IPSCs provide an exciting new model to characterise mechanisms regulating prostate and bladder differentiation and to develop novel approaches to disease modelling. Regeneration of bladder cells also provides an exceptional opportunity for translational tissue engineering.
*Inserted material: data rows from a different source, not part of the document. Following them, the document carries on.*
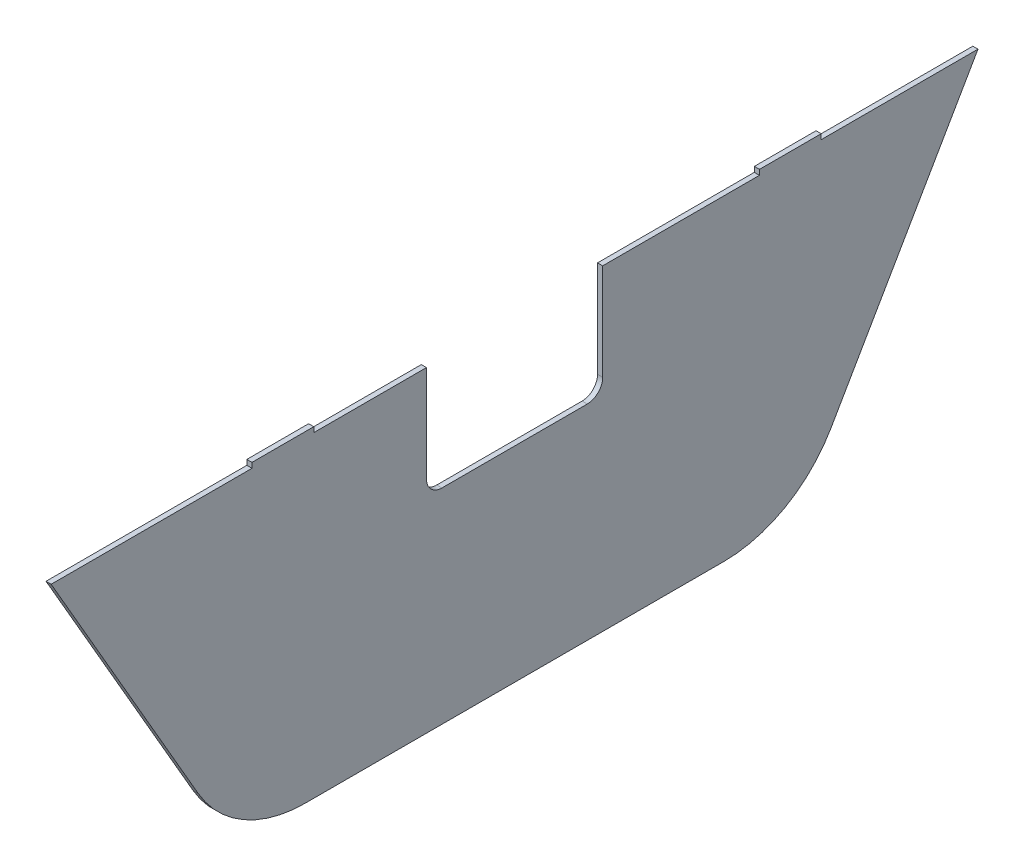
from build123d import *

# Parameters (mm, degrees)
BOSS_EXTRUDE1_DEPTH = 2


with BuildPart() as part:
    # Sketch3 → Boss-Extrude1 (new body)
    with BuildSketch(Plane(origin=(0, 0, 0), x_dir=(0, 0, -1), z_dir=(1, 0, 0))):
        with BuildLine():
            Line((-58.824606693, -2534.80652233), (-1.666930044, -2633.80652233))
            ThreePointArc((-1.666930044, -2633.80652233), (15.902289338, -2651.375741711), (39.902289338, -2657.80652233))
            Line((39.902289338, -2657.80652233), (202.448497275, -2657.80652233))
            ThreePointArc((202.448497275, -2657.80652233), (226.448497275, -2651.375741711), (244.017716657, -2633.80652233))
            Line((244.017716657, -2633.80652233), (301.175393307, -2534.80652233))
            Line((301.175393307, -2534.80652233), (240.287893307, -2534.80652233))
            Line((240.287893307, -2534.80652233), (240.287893307, -2532.80652233))
            Line((240.287893307, -2532.80652233), (216.287893307, -2532.80652233))
            Line((216.287893307, -2532.80652233), (216.287893307, -2534.80652233))
            Line((216.287893307, -2534.80652233), (155.400393307, -2534.80652233))
            Line((155.400393307, -2534.80652233), (155.400393307, -2572.30652233))
            ThreePointArc((155.400393307, -2572.30652233), (153.643033994, -2576.549163017), (149.400393307, -2578.30652233))
            Line((149.400393307, -2578.30652233), (92.950393307, -2578.30652233))
            ThreePointArc((92.950393307, -2578.30652233), (88.70775262, -2576.549163017), (86.950393307, -2572.30652233))
            Line((86.950393307, -2572.30652233), (86.950393307, -2534.80652233))
            Line((86.950393307, -2534.80652233), (43.175393307, -2534.80652233))
            Line((43.175393307, -2534.80652233), (43.175393307, -2532.80652233))
            Line((43.175393307, -2532.80652233), (19.175393307, -2532.80652233))
            Line((19.175393307, -2532.80652233), (19.175393307, -2534.80652233))
            Line((19.175393307, -2534.80652233), (-58.824606693, -2534.80652233))
        make_face()
    extrude(amount=BOSS_EXTRUDE1_DEPTH)


solid = part.part

前列腺和膀胱发育的原代培养以及动物和细胞系模型在描述人类生物学方面存在局限性,因此需要能够描述从胎儿到衰老组织全部分化谱的新策略。生物学领域的最新进展表明,将体细胞直接重编程为多能胚胎干细胞(ESC)样细胞是可行的。这些细胞被称为诱导多能干细胞(iPSC),理论上可以生成成人前列腺和膀胱组织,为研究分化提供了一种替代策略。
从正常、衰老的人类前列腺(Pro-iPSC)和泌尿道(UT-iPSC)组织中生成人类iPSC,并评估其定向分化的能力。
设计、设置和参与者:用POU5类同源盒1(POU5F1;原称OCT4)、SRY(性别决定区Y)盒2(SOX2)、Kruppel样因子4(肠道)(KLF4)和v-myc髓细胞瘤病毒癌基因同源物(禽类)(MYC,原称C-MYC)基因转导前列腺和泌尿道基质以生成iPSC。
将向前列腺和膀胱谱系分化的潜力与经典的皮肤来源iPSC进行比较。使用学生t检验。
通过特征性的ESC形态、标志物表达以及生成所有三个胚层谱系的功能多能性,证明了前列腺组织成功重编程为Pro-iPSC,膀胱和输尿管成功重编程为UT-iPSC。与传统的皮肤来源iPSC相比,Pro-iPSC表现出极大增强的生成前列腺上皮特异性分化的能力,其特征为雄激素受体和前列腺特异性抗原的诱导。同样,UT-iPSC在经历膀胱分化方面比皮肤来源iPSC更有效,这通过尿路上皮特异性标志物:尿板蛋白、紧密连接蛋白和细胞角蛋白的表达;以及基质平滑肌标志物:α-平滑肌肌动蛋白、钙调蛋白和结蛋白得以证明。这些差异可能代表了各个iPSC系之间的表观遗传差异,并突出了器官特异性iPSC在组织特异性研究中的重要性。
iPSC为表征调节前列腺和膀胱分化的机制以及开发疾病建模的新方法提供了一个令人兴奋的新模型。膀胱细胞的再生也为转化组织工程提供了一个绝佳的机会。